ST. PETERSBURG— Wallets. Toothbrushes. Toys. Birth control. Religious icons.
These are the "non-essential" things confiscated from undocumented migrants by the U.S. Border patrol at the Customs and Border Patrol processing center in Ajo, Ariz., where photographer Tom Kiefer worked as a janitor.
Now they're the subjects of Kiefer's powerful photographic exhibition, "El Sueño Americano" (The American Dream), on display at the ArtsXchange in the Warehouse Arts District.
Kiefer, who lives in Arizona, took the job as a way to earn money while he focused on being a photographer. He found highly personal items at the bottom of a dumpster, including wallets with identifications still inside. He began stashing items and photographing them. From 2007 to 2014, he amassed 600 photographs, forming a deeper connection to the plight of immigrants coming through the border.
The exhibition has been on display in galleries and museums around the country, garnering attention from the New York Times and the New Yorker. The exhibit makes its Florida debut at ArtsXchange, a project of the Warehouse Arts District.
"One of my favorite mediums of art is found objects," said the district's executive director Diane Morton. "Tom's work is the more dramatic 'seized objects.' His attention and compassion for the human experience of traveling far from home is evident in this work."
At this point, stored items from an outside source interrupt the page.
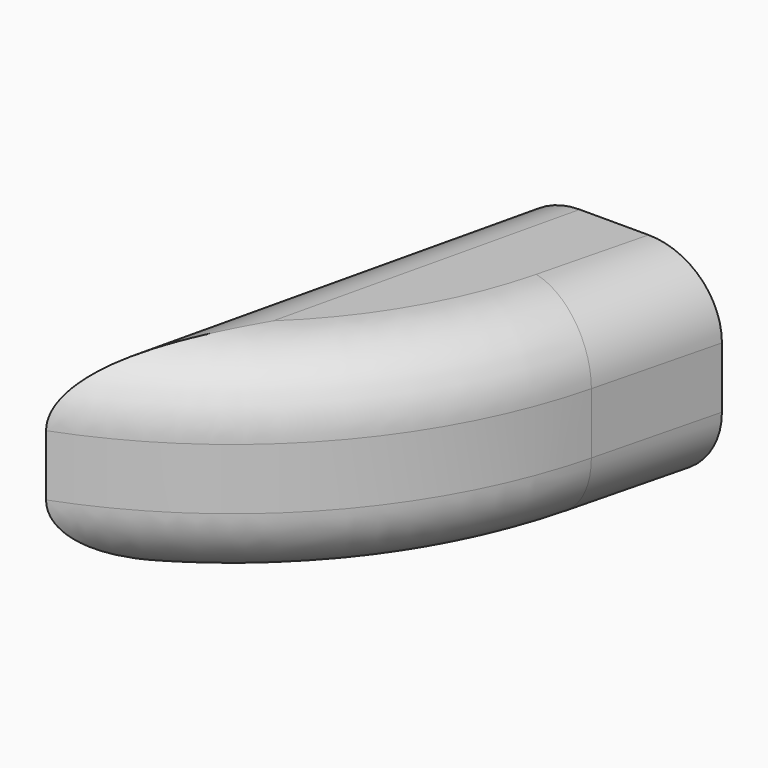
from build123d import *

# Parameters (mm, degrees)
F1_DEPTH = 50.8
F2_R     = 17.78
F3_R     = 17.78


# Not quite as in the source:
# - a feature names something its author has since deleted; it is built from what else it names


with BuildPart() as f1:
    # F0 (on Top) → F1 (new body)
    with BuildSketch(Plane.XY):
        with BuildLine():
            Line((3.2321710605, 7.2439061478), (-50.5689829588, 7.2439061478))
            Line((-50.5689829588, 7.2439061478), (-76.5684420406, -104.0992669462))
            ThreePointArc((-76.5684420406, -104.0992669462), (-30.6491711683, -72.8314970086), (-4.5715821907, -23.7783398479))
            Line((-4.5715821907, -23.7783398479), (3.2321710605, 7.2439061478))
        make_face()
    extrude(amount=F1_DEPTH)

    # F2
    f2_edges = [f1.edges().sort_by_distance(p)[0] for p in [
        (-0.669706, -8.267217, 50.8),
        (-63.568712, -48.42768, 50.8),
    ]]
    fillet(f2_edges, radius=F2_R)

    # F3
    f3_edges = [f1.edges().sort_by_distance(p)[0] for p in [
        (-0.669706, -8.267217, 0),
        (-63.568712, -48.42768, 0),
    ]]
    fillet(f3_edges, radius=F3_R)


solid = f1.part

The exhibition includes 64 small photographs and four large ones. Kiefer's background in graphic design contributed to his knack for color and arrangement. Yet the elements of loss and displacement are rooted solidly at their foundations.
Kiefer arranges multiples of the same item in the larger photographs. The voyeuristic Billfolds and Wallets reveals what people hold dear enough to carry at all times. Religious cards remind us how many devout Catholics are seeking refuge.
An especially moving item is a love letter. Had it already been delivered, or was it en route to someone? And a child's shoe and a Disney princess wallet stir up images of families separated at the border.
There's a quote from Kiefer on the wall of the exhibit.
"I'm presenting these deeply personal objects in a way that is reverential and respectful."